So, now that I have it setup properly, I can say that it's definitely whiter and brighter with a larger hotspot. I'd call it "noticeably brighter" even more so than the pictures up top depict. My only concern now is bulb life. As most bought this MOD for the ability to use a less-expensive bulb, I bought it for the increased brightness with similar runtime. I don't want to find that I'm replacing Strion bulbs every time I turn around. Time will tell I guess, but for now, I can say I'm happy with the results.


----------



## Icebreak (Jan 9, 2008)

After Patriot36's report I just couldn't take it anymore and had to purchase one.
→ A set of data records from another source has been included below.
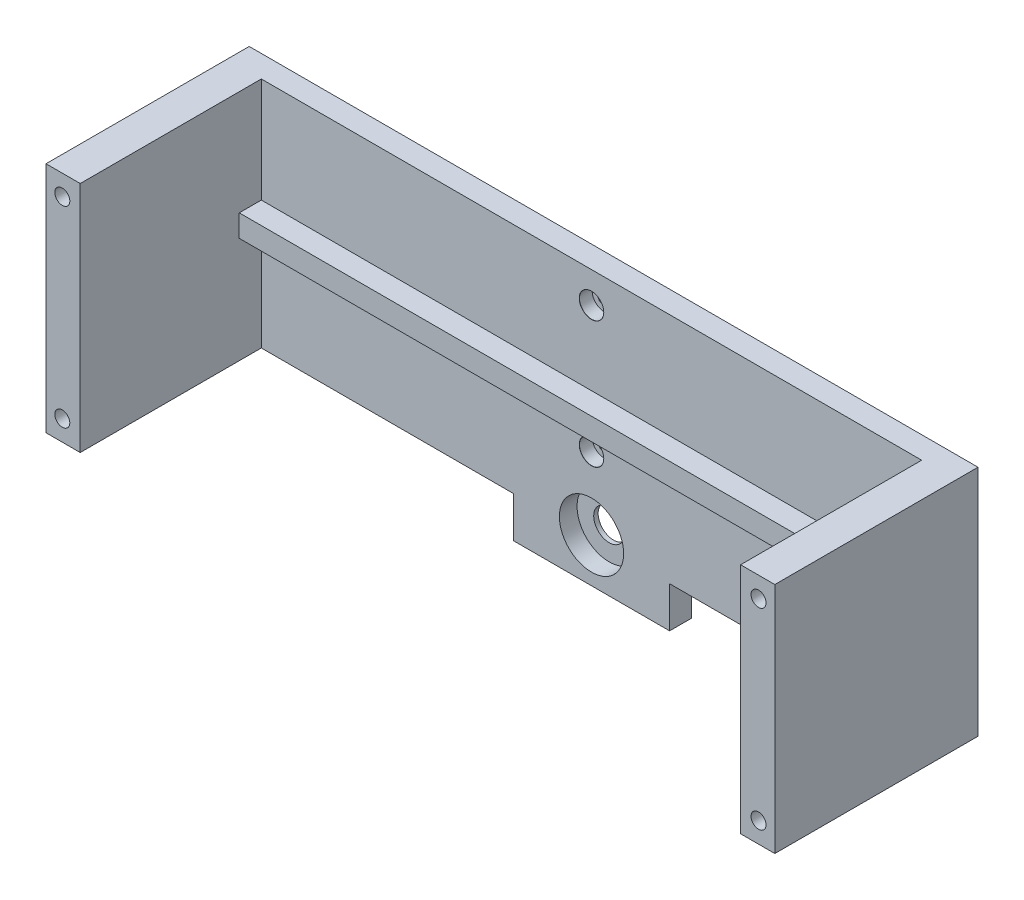
ISO-10303-21;
HEADER;
FILE_DESCRIPTION(('STEP AP214'),'2;1');
FILE_NAME('part.step','',(''),(''),'','','');
FILE_SCHEMA(('AUTOMOTIVE_DESIGN { 1 0 10303 214 1 1 1 1 }'));
ENDSEC;
DATA;
#1=APPLICATION_CONTEXT('core data for automotive mechanical design processes');
#2=APPLICATION_PROTOCOL_DEFINITION('international standard','automotive_design',2000,#1);
#3=PRODUCT_CONTEXT('',#1,'mechanical');
#4=PRODUCT('Part','Part','',(#3));
#5=PRODUCT_RELATED_PRODUCT_CATEGORY('part','',(#4));
#6=PRODUCT_DEFINITION_FORMATION('','',#4);
#7=PRODUCT_DEFINITION_CONTEXT('part definition',#1,'design');
#8=PRODUCT_DEFINITION('design','',#6,#7);
#9=PRODUCT_DEFINITION_SHAPE('','',#8);
#10=(LENGTH_UNIT() NAMED_UNIT(*) SI_UNIT(.MILLI.,.METRE.));
#11=(NAMED_UNIT(*) PLANE_ANGLE_UNIT() SI_UNIT($,.RADIAN.));
#12=(NAMED_UNIT(*) SI_UNIT($,.STERADIAN.) SOLID_ANGLE_UNIT());
#13=UNCERTAINTY_MEASURE_WITH_UNIT(LENGTH_MEASURE(1.E-05),#10,'distance_accuracy_value','');
#14=(GEOMETRIC_REPRESENTATION_CONTEXT(3) GLOBAL_UNCERTAINTY_ASSIGNED_CONTEXT((#13)) GLOBAL_UNIT_ASSIGNED_CONTEXT((#10,
#11,#12)) REPRESENTATION_CONTEXT('',''));
#15=CARTESIAN_POINT('',(0.,0.,0.));
#16=DIRECTION('',(0.,0.,1.));
#17=DIRECTION('',(1.,0.,0.));
#18=AXIS2_PLACEMENT_3D('',#15,#16,#17);
#19=CARTESIAN_POINT('',(-30.9078306890508,-31.9758108108108,5.));
#20=DIRECTION('',(0.,1.,0.));
#21=DIRECTION('',(0.,0.,1.));
#22=AXIS2_PLACEMENT_3D('',#19,#20,#21);
#23=PLANE('',#22);
#24=DIRECTION('',(0.,0.,1.));
#25=VECTOR('',#24,1.);
#26=CARTESIAN_POINT('',(69.2721693109492,-31.9758108108108,5.));
#27=LINE('',#26,#25);
#28=CARTESIAN_POINT('',(69.2721693109492,-31.9758108108108,0.));
#29=VERTEX_POINT('',#28);
#30=CARTESIAN_POINT('',(69.2721693109492,-31.9758108108108,5.));
#31=VERTEX_POINT('',#30);
#32=EDGE_CURVE('E189',#29,#31,#27,.T.);
#33=ORIENTED_EDGE('',*,*,#32,.F.);
#34=DIRECTION('',(1.,0.,0.));
#35=VECTOR('',#34,1.);
#36=CARTESIAN_POINT('',(-30.9078306890508,-31.9758108108108,0.));
#37=LINE('',#36,#35);
#38=CARTESIAN_POINT('',(134.092169310949,-31.9758108108108,0.));
#39=VERTEX_POINT('',#38);
#40=EDGE_CURVE('E325',#29,#39,#37,.T.);
#41=ORIENTED_EDGE('',*,*,#40,.T.);
#42=DIRECTION('',(0.,0.,-1.));
#43=VECTOR('',#42,1.);
#44=CARTESIAN_POINT('',(134.092169310949,-31.9758108108108,5.));
#45=LINE('',#44,#43);
#46=CARTESIAN_POINT('',(134.092169310949,-31.9758108108108,46.));
#47=VERTEX_POINT('',#46);
#48=EDGE_CURVE('E49',#47,#39,#45,.T.);
#49=ORIENTED_EDGE('',*,*,#48,.F.);
#50=DIRECTION('',(1.,0.,0.));
#51=VECTOR('',#50,1.);
#52=CARTESIAN_POINT('',(134.092169310949,-31.9758108108108,46.));
#53=LINE('',#52,#51);
#54=CARTESIAN_POINT('',(126.342169310949,-31.9758108108108,46.));
#55=VERTEX_POINT('',#54);
#56=EDGE_CURVE('E270',#55,#47,#53,.T.);
#57=ORIENTED_EDGE('',*,*,#56,.F.);
#58=DIRECTION('',(0.,0.,-1.));
#59=VECTOR('',#58,1.);
#60=CARTESIAN_POINT('',(126.342169310949,-31.9758108108108,46.));
#61=LINE('',#60,#59);
#62=CARTESIAN_POINT('',(126.342169310949,-31.9758108108108,5.));
#63=VERTEX_POINT('',#62);
#64=EDGE_CURVE('E308',#55,#63,#61,.T.);
#65=ORIENTED_EDGE('',*,*,#64,.T.);
#66=DIRECTION('',(1.,0.,0.));
#67=VECTOR('',#66,1.);
#68=CARTESIAN_POINT('',(-30.9078306890508,-31.9758108108108,5.));
#69=LINE('',#68,#67);
#70=EDGE_CURVE('E56',#31,#63,#69,.T.);
#71=ORIENTED_EDGE('',*,*,#70,.F.);
#72=EDGE_LOOP('',(#33,#41,#49,#57,#65,#71));
#73=FACE_BOUND('',#72,.T.);
#74=ADVANCED_FACE('F41',(#73),#23,.F.);
#75=DIRECTION('',(0.,0.,-1.));
#76=VECTOR('',#75,1.);
#77=CARTESIAN_POINT('',(33.9121693109492,-31.9758108108108,5.));
#78=LINE('',#77,#76);
#79=CARTESIAN_POINT('',(33.9121693109492,-31.9758108108108,5.));
#80=VERTEX_POINT('',#79);
#81=CARTESIAN_POINT('',(33.9121693109492,-31.9758108108108,0.));
#82=VERTEX_POINT('',#81);
#83=EDGE_CURVE('E64',#80,#82,#78,.T.);
#84=ORIENTED_EDGE('',*,*,#83,.F.);
#85=CARTESIAN_POINT('',(-23.1578306890508,-31.9758108108108,5.));
#86=VERTEX_POINT('',#85);
#87=EDGE_CURVE('E318',#86,#80,#69,.T.);
#88=ORIENTED_EDGE('',*,*,#87,.F.);
#89=DIRECTION('',(0.,0.,-1.));
#90=VECTOR('',#89,1.);
#91=CARTESIAN_POINT('',(-23.1578306890508,-31.9758108108108,46.));
#92=LINE('',#91,#90);
#93=CARTESIAN_POINT('',(-23.1578306890508,-31.9758108108108,46.));
#94=VERTEX_POINT('',#93);
#95=EDGE_CURVE('E314',#94,#86,#92,.T.);
#96=ORIENTED_EDGE('',*,*,#95,.F.);
#97=DIRECTION('',(1.,0.,0.));
#98=VECTOR('',#97,1.);
#99=CARTESIAN_POINT('',(-30.9078306890508,-31.9758108108108,46.));
#100=LINE('',#99,#98);
#101=CARTESIAN_POINT('',(-30.9078306890508,-31.9758108108108,46.));
#102=VERTEX_POINT('',#101);
#103=EDGE_CURVE('E263',#102,#94,#100,.T.);
#104=ORIENTED_EDGE('',*,*,#103,.F.);
#105=DIRECTION('',(0.,0.,-1.));
#106=VECTOR('',#105,1.);
#107=CARTESIAN_POINT('',(-30.9078306890508,-31.9758108108108,5.));
#108=LINE('',#107,#106);
#109=CARTESIAN_POINT('',(-30.9078306890508,-31.9758108108108,0.));
#110=VERTEX_POINT('',#109);
#111=EDGE_CURVE('E11',#102,#110,#108,.T.);
#112=ORIENTED_EDGE('',*,*,#111,.T.);
#113=EDGE_CURVE('E326',#110,#82,#37,.T.);
#114=ORIENTED_EDGE('',*,*,#113,.T.);
#115=EDGE_LOOP('',(#84,#88,#96,#104,#112,#114));
#116=FACE_BOUND('',#115,.T.);
#117=ADVANCED_FACE('F383',(#116),#23,.F.);
#118=CARTESIAN_POINT('',(-23.1578306890508,-7.97581081081081,46.));
#119=DIRECTION('',(0.,1.,0.));
#120=DIRECTION('',(0.,0.,1.));
#121=AXIS2_PLACEMENT_3D('',#118,#119,#120);
#122=PLANE('',#121);
#123=DIRECTION('',(1.,0.,0.));
#124=VECTOR('',#123,1.);
#125=CARTESIAN_POINT('',(-23.1578306890508,-7.97581081081081,9.99999999999998));
#126=LINE('',#125,#124);
#127=CARTESIAN_POINT('',(-23.1578306890508,-7.97581081081081,9.99999999999998));
#128=VERTEX_POINT('',#127);
#129=CARTESIAN_POINT('',(126.342169310949,-7.97581081081081,9.99999999999998));
#130=VERTEX_POINT('',#129);
#131=EDGE_CURVE('E251',#128,#130,#126,.T.);
#132=ORIENTED_EDGE('',*,*,#131,.F.);
#133=DIRECTION('',(0.,0.,-1.));
#134=VECTOR('',#133,1.);
#135=CARTESIAN_POINT('',(-23.1578306890508,-7.97581081081081,46.));
#136=LINE('',#135,#134);
#137=CARTESIAN_POINT('',(-23.1578306890508,-7.97581081081081,5.));
#138=VERTEX_POINT('',#137);
#139=EDGE_CURVE('E312',#128,#138,#136,.T.);
#140=ORIENTED_EDGE('',*,*,#139,.T.);
#141=DIRECTION('',(1.,0.,0.));
#142=VECTOR('',#141,1.);
#143=CARTESIAN_POINT('',(-23.1578306890508,-7.97581081081081,5.));
#144=LINE('',#143,#142);
#145=CARTESIAN_POINT('',(126.342169310949,-7.97581081081081,5.));
#146=VERTEX_POINT('',#145);
#147=EDGE_CURVE('E285',#138,#146,#144,.T.);
#148=ORIENTED_EDGE('',*,*,#147,.T.);
#149=DIRECTION('',(0.,0.,-1.));
#150=VECTOR('',#149,1.);
#151=CARTESIAN_POINT('',(126.342169310949,-7.97581081081081,46.));
#152=LINE('',#151,#150);
#153=EDGE_CURVE('E310',#130,#146,#152,.T.);
#154=ORIENTED_EDGE('',*,*,#153,.F.);
#155=EDGE_LOOP('',(#132,#140,#148,#154));
#156=FACE_BOUND('',#155,.T.);
#157=ADVANCED_FACE('F381',(#156),#122,.F.);
#158=CARTESIAN_POINT('',(-23.1578306890508,-2.97581081081081,46.));
#159=DIRECTION('',(0.,-1.,0.));
#160=DIRECTION('',(0.,0.,-1.));
#161=AXIS2_PLACEMENT_3D('',#158,#159,#160);
#162=PLANE('',#161);
#163=DIRECTION('',(-1.,0.,0.));
#164=VECTOR('',#163,1.);
#165=CARTESIAN_POINT('',(-23.1578306890508,-2.97581081081081,9.99999999999998));
#166=LINE('',#165,#164);
#167=CARTESIAN_POINT('',(126.342169310949,-2.97581081081081,9.99999999999998));
#168=VERTEX_POINT('',#167);
#169=CARTESIAN_POINT('',(-23.1578306890508,-2.97581081081081,9.99999999999998));
#170=VERTEX_POINT('',#169);
#171=EDGE_CURVE('E256',#168,#170,#166,.T.);
#172=ORIENTED_EDGE('',*,*,#171,.F.);
#173=DIRECTION('',(0.,0.,-1.));
#174=VECTOR('',#173,1.);
#175=CARTESIAN_POINT('',(126.342169310949,-2.97581081081081,46.));
#176=LINE('',#175,#174);
#177=CARTESIAN_POINT('',(126.342169310949,-2.97581081081081,5.));
#178=VERTEX_POINT('',#177);
#179=EDGE_CURVE('E303',#168,#178,#176,.T.);
#180=ORIENTED_EDGE('',*,*,#179,.T.);
#181=DIRECTION('',(-1.,0.,0.));
#182=VECTOR('',#181,1.);
#183=CARTESIAN_POINT('',(-23.1578306890508,-2.97581081081081,5.));
#184=LINE('',#183,#182);
#185=CARTESIAN_POINT('',(-23.1578306890508,-2.97581081081081,5.));
#186=VERTEX_POINT('',#185);
#187=EDGE_CURVE('E294',#178,#186,#184,.T.);
#188=ORIENTED_EDGE('',*,*,#187,.T.);
#189=DIRECTION('',(0.,0.,-1.));
#190=VECTOR('',#189,1.);
#191=CARTESIAN_POINT('',(-23.1578306890508,-2.97581081081081,46.));
#192=LINE('',#191,#190);
#193=EDGE_CURVE('E301',#170,#186,#192,.T.);
#194=ORIENTED_EDGE('',*,*,#193,.F.);
#195=EDGE_LOOP('',(#172,#180,#188,#194));
#196=FACE_BOUND('',#195,.T.);
#197=ADVANCED_FACE('F370',(#196),#162,.F.);
#198=CARTESIAN_POINT('',(0.,0.,46.));
#199=DIRECTION('',(0.,0.,1.));
#200=DIRECTION('',(1.,0.,0.));
#201=AXIS2_PLACEMENT_3D('',#198,#199,#200);
#202=PLANE('',#201);
#203=CARTESIAN_POINT('',(-27.2209329288818,16.1491891891892,46.));
#204=DIRECTION('',(0.,0.,1.));
#205=DIRECTION('',(1.,0.,0.));
#206=AXIS2_PLACEMENT_3D('',#203,#204,#205);
#207=CIRCLE('',#206,1.69999999999999);
#208=CARTESIAN_POINT('',(-25.5209329288818,16.1491891891892,46.));
#209=VERTEX_POINT('',#208);
#210=EDGE_CURVE('E225',#209,#209,#207,.T.);
#211=ORIENTED_EDGE('',*,*,#210,.F.);
#212=EDGE_LOOP('',(#211));
#213=FACE_BOUND('',#212,.T.);
#214=CARTESIAN_POINT('',(-27.2209329288818,-27.3508108108108,46.));
#215=DIRECTION('',(0.,0.,1.));
#216=DIRECTION('',(1.,0.,0.));
#217=AXIS2_PLACEMENT_3D('',#214,#215,#216);
#218=CIRCLE('',#217,1.69999999999999);
#219=CARTESIAN_POINT('',(-25.5209329288818,-27.3508108108108,46.));
#220=VERTEX_POINT('',#219);
#221=EDGE_CURVE('E243',#220,#220,#218,.T.);
#222=ORIENTED_EDGE('',*,*,#221,.F.);
#223=EDGE_LOOP('',(#222));
#224=FACE_BOUND('',#223,.T.);
#225=DIRECTION('',(0.,1.,0.));
#226=VECTOR('',#225,1.);
#227=CARTESIAN_POINT('',(-23.1578306890508,-7.97581081081081,46.));
#228=LINE('',#227,#226);
#229=CARTESIAN_POINT('',(-23.1578306890508,20.7741891891892,46.));
#230=VERTEX_POINT('',#229);
#231=EDGE_CURVE('E266',#94,#230,#228,.T.);
#232=ORIENTED_EDGE('',*,*,#231,.T.);
#233=DIRECTION('',(-1.,0.,0.));
#234=VECTOR('',#233,1.);
#235=CARTESIAN_POINT('',(-30.9078306890508,20.7741891891892,46.));
#236=LINE('',#235,#234);
#237=CARTESIAN_POINT('',(-30.9078306890508,20.7741891891892,46.));
#238=VERTEX_POINT('',#237);
#239=EDGE_CURVE('E279',#230,#238,#236,.T.);
#240=ORIENTED_EDGE('',*,*,#239,.T.);
#241=DIRECTION('',(0.,-1.,0.));
#242=VECTOR('',#241,1.);
#243=CARTESIAN_POINT('',(-30.9078306890508,20.7741891891892,46.));
#244=LINE('',#243,#242);
#245=EDGE_CURVE('E260',#238,#102,#244,.T.);
#246=ORIENTED_EDGE('',*,*,#245,.T.);
#247=ORIENTED_EDGE('',*,*,#103,.T.);
#248=EDGE_LOOP('',(#232,#240,#246,#247));
#249=FACE_BOUND('',#248,.T.);
#250=ADVANCED_FACE('F355',(#213,#224,#249),#202,.T.);
#251=CARTESIAN_POINT('',(0.,0.,5.));
#252=DIRECTION('',(0.,0.,1.));
#253=DIRECTION('',(1.,0.,0.));
#254=AXIS2_PLACEMENT_3D('',#251,#252,#253);
#255=PLANE('',#254);
#256=CARTESIAN_POINT('',(51.5921693109492,13.7741891891892,5.));
#257=DIRECTION('',(0.,0.,1.));
#258=DIRECTION('',(1.,0.,0.));
#259=AXIS2_PLACEMENT_3D('',#256,#257,#258);
#260=CIRCLE('',#259,2.775);
#261=CARTESIAN_POINT('',(54.3671693109492,13.7741891891892,5.));
#262=VERTEX_POINT('',#261);
#263=EDGE_CURVE('E190',#262,#262,#260,.T.);
#264=ORIENTED_EDGE('',*,*,#263,.F.);
#265=EDGE_LOOP('',(#264));
#266=FACE_BOUND('',#265,.T.);
#267=DIRECTION('',(0.,1.,0.));
#268=VECTOR('',#267,1.);
#269=CARTESIAN_POINT('',(-23.1578306890508,20.7741891891892,5.));
#270=LINE('',#269,#268);
#271=CARTESIAN_POINT('',(-23.1578306890508,20.7741891891892,5.));
#272=VERTEX_POINT('',#271);
#273=EDGE_CURVE('E264',#186,#272,#270,.T.);
#274=ORIENTED_EDGE('',*,*,#273,.F.);
#275=ORIENTED_EDGE('',*,*,#187,.F.);
#276=DIRECTION('',(0.,-1.,0.));
#277=VECTOR('',#276,1.);
#278=CARTESIAN_POINT('',(126.342169310949,20.7741891891892,5.));
#279=LINE('',#278,#277);
#280=CARTESIAN_POINT('',(126.342169310949,20.7741891891892,5.));
#281=VERTEX_POINT('',#280);
#282=EDGE_CURVE('E291',#281,#178,#279,.T.);
#283=ORIENTED_EDGE('',*,*,#282,.F.);
#284=DIRECTION('',(-1.,0.,0.));
#285=VECTOR('',#284,1.);
#286=CARTESIAN_POINT('',(-30.9078306890508,20.7741891891892,5.));
#287=LINE('',#286,#285);
#288=EDGE_CURVE('E320',#281,#272,#287,.T.);
#289=ORIENTED_EDGE('',*,*,#288,.T.);
#290=EDGE_LOOP('',(#274,#275,#283,#289));
#291=FACE_BOUND('',#290,.T.);
#292=ADVANCED_FACE('F367',(#266,#291),#255,.T.);
#293=CARTESIAN_POINT('',(-30.9078306890508,20.7741891891892,5.));
#294=DIRECTION('',(1.,0.,0.));
#295=DIRECTION('',(0.,1.,0.));
#296=AXIS2_PLACEMENT_3D('',#293,#294,#295);
#297=PLANE('',#296);
#298=DIRECTION('',(0.,-1.,0.));
#299=VECTOR('',#298,1.);
#300=CARTESIAN_POINT('',(-30.9078306890508,20.7741891891892,0.));
#301=LINE('',#300,#299);
#302=CARTESIAN_POINT('',(-30.9078306890508,20.7741891891892,0.));
#303=VERTEX_POINT('',#302);
#304=EDGE_CURVE('E317',#303,#110,#301,.T.);
#305=ORIENTED_EDGE('',*,*,#304,.T.);
#306=ORIENTED_EDGE('',*,*,#111,.F.);
#307=ORIENTED_EDGE('',*,*,#245,.F.);
#308=DIRECTION('',(0.,0.,-1.));
#309=VECTOR('',#308,1.);
#310=CARTESIAN_POINT('',(-30.9078306890508,20.7741891891892,5.));
#311=LINE('',#310,#309);
#312=EDGE_CURVE('E322',#238,#303,#311,.T.);
#313=ORIENTED_EDGE('',*,*,#312,.T.);
#314=EDGE_LOOP('',(#305,#306,#307,#313));
#315=FACE_BOUND('',#314,.T.);
#316=ADVANCED_FACE('F43',(#315),#297,.F.);
#317=CARTESIAN_POINT('',(134.092169310949,20.7741891891892,5.));
#318=DIRECTION('',(-1.,0.,0.));
#319=DIRECTION('',(0.,0.,1.));
#320=AXIS2_PLACEMENT_3D('',#317,#318,#319);
#321=PLANE('',#320);
#322=DIRECTION('',(0.,1.,0.));
#323=VECTOR('',#322,1.);
#324=CARTESIAN_POINT('',(134.092169310949,20.7741891891892,0.));
#325=LINE('',#324,#323);
#326=CARTESIAN_POINT('',(134.092169310949,20.7741891891892,0.));
#327=VERTEX_POINT('',#326);
#328=EDGE_CURVE('E328',#39,#327,#325,.T.);
#329=ORIENTED_EDGE('',*,*,#328,.T.);
#330=DIRECTION('',(0.,0.,-1.));
#331=VECTOR('',#330,1.);
#332=CARTESIAN_POINT('',(134.092169310949,20.7741891891892,5.));
#333=LINE('',#332,#331);
#334=CARTESIAN_POINT('',(134.092169310949,20.7741891891892,46.));
#335=VERTEX_POINT('',#334);
#336=EDGE_CURVE('E334',#335,#327,#333,.T.);
#337=ORIENTED_EDGE('',*,*,#336,.F.);
#338=DIRECTION('',(0.,1.,0.));
#339=VECTOR('',#338,1.);
#340=CARTESIAN_POINT('',(134.092169310949,20.7741891891892,46.));
#341=LINE('',#340,#339);
#342=EDGE_CURVE('E273',#47,#335,#341,.T.);
#343=ORIENTED_EDGE('',*,*,#342,.F.);
#344=ORIENTED_EDGE('',*,*,#48,.T.);
#345=EDGE_LOOP('',(#329,#337,#343,#344));
#346=FACE_BOUND('',#345,.T.);
#347=ADVANCED_FACE('F340',(#346),#321,.F.);
#348=CARTESIAN_POINT('',(-30.9078306890508,20.7741891891892,5.));
#349=DIRECTION('',(0.,-1.,0.));
#350=DIRECTION('',(0.,0.,-1.));
#351=AXIS2_PLACEMENT_3D('',#348,#349,#350);
#352=PLANE('',#351);
#353=DIRECTION('',(-1.,0.,0.));
#354=VECTOR('',#353,1.);
#355=CARTESIAN_POINT('',(-30.9078306890508,20.7741891891892,0.));
#356=LINE('',#355,#354);
#357=EDGE_CURVE('E330',#327,#303,#356,.T.);
#358=ORIENTED_EDGE('',*,*,#357,.T.);
#359=ORIENTED_EDGE('',*,*,#312,.F.);
#360=ORIENTED_EDGE('',*,*,#239,.F.);
#361=DIRECTION('',(0.,0.,-1.));
#362=VECTOR('',#361,1.);
#363=CARTESIAN_POINT('',(-23.1578306890508,20.7741891891892,46.));
#364=LINE('',#363,#362);
#365=EDGE_CURVE('E282',#230,#272,#364,.T.);
#366=ORIENTED_EDGE('',*,*,#365,.T.);
#367=ORIENTED_EDGE('',*,*,#288,.F.);
#368=DIRECTION('',(0.,0.,-1.));
#369=VECTOR('',#368,1.);
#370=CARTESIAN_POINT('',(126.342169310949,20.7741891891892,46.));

Thanks again for the excellent review, DM51.

TIN -

I'm hoping the Strion lamp proves to be as robust as it looks.


----------



## Patriot (Jan 10, 2008)

I just got back from a nice walk were I depleted a set of batteries in the FM Strion A2. I took the white A2 Strion, a red A2 with MA02, a M2 with P61, and a M6-CB (just for fun).

I began my walk just comparing the two different A2s while intermittently turning one on and then the other. The red A2 definitely had that nice beam but was tinted, probably because of the red LEDs. The Strion A2 completely dominated it by casting a similar amount of light about 20 yards further. Once the difference was so apparent I put the red A2 away and spend the rest of my time comparing the M2 w/P61 to the Strion A2. 

The two main differences between the P61 and Strion A2 were the tightness and whiteness of the A2. At times I couldn't really tell which one was brighter but I could always see that the P61 was more floody and a tiny bit more orange. After a few comparisons I put the P61 away an just decided to walk with the A2 until it fell out of regulation which was just short of 40 minutes. Those batteries did have a couple of minutes of intermittent use to start with though so it's not a scientific result but does give some idea. 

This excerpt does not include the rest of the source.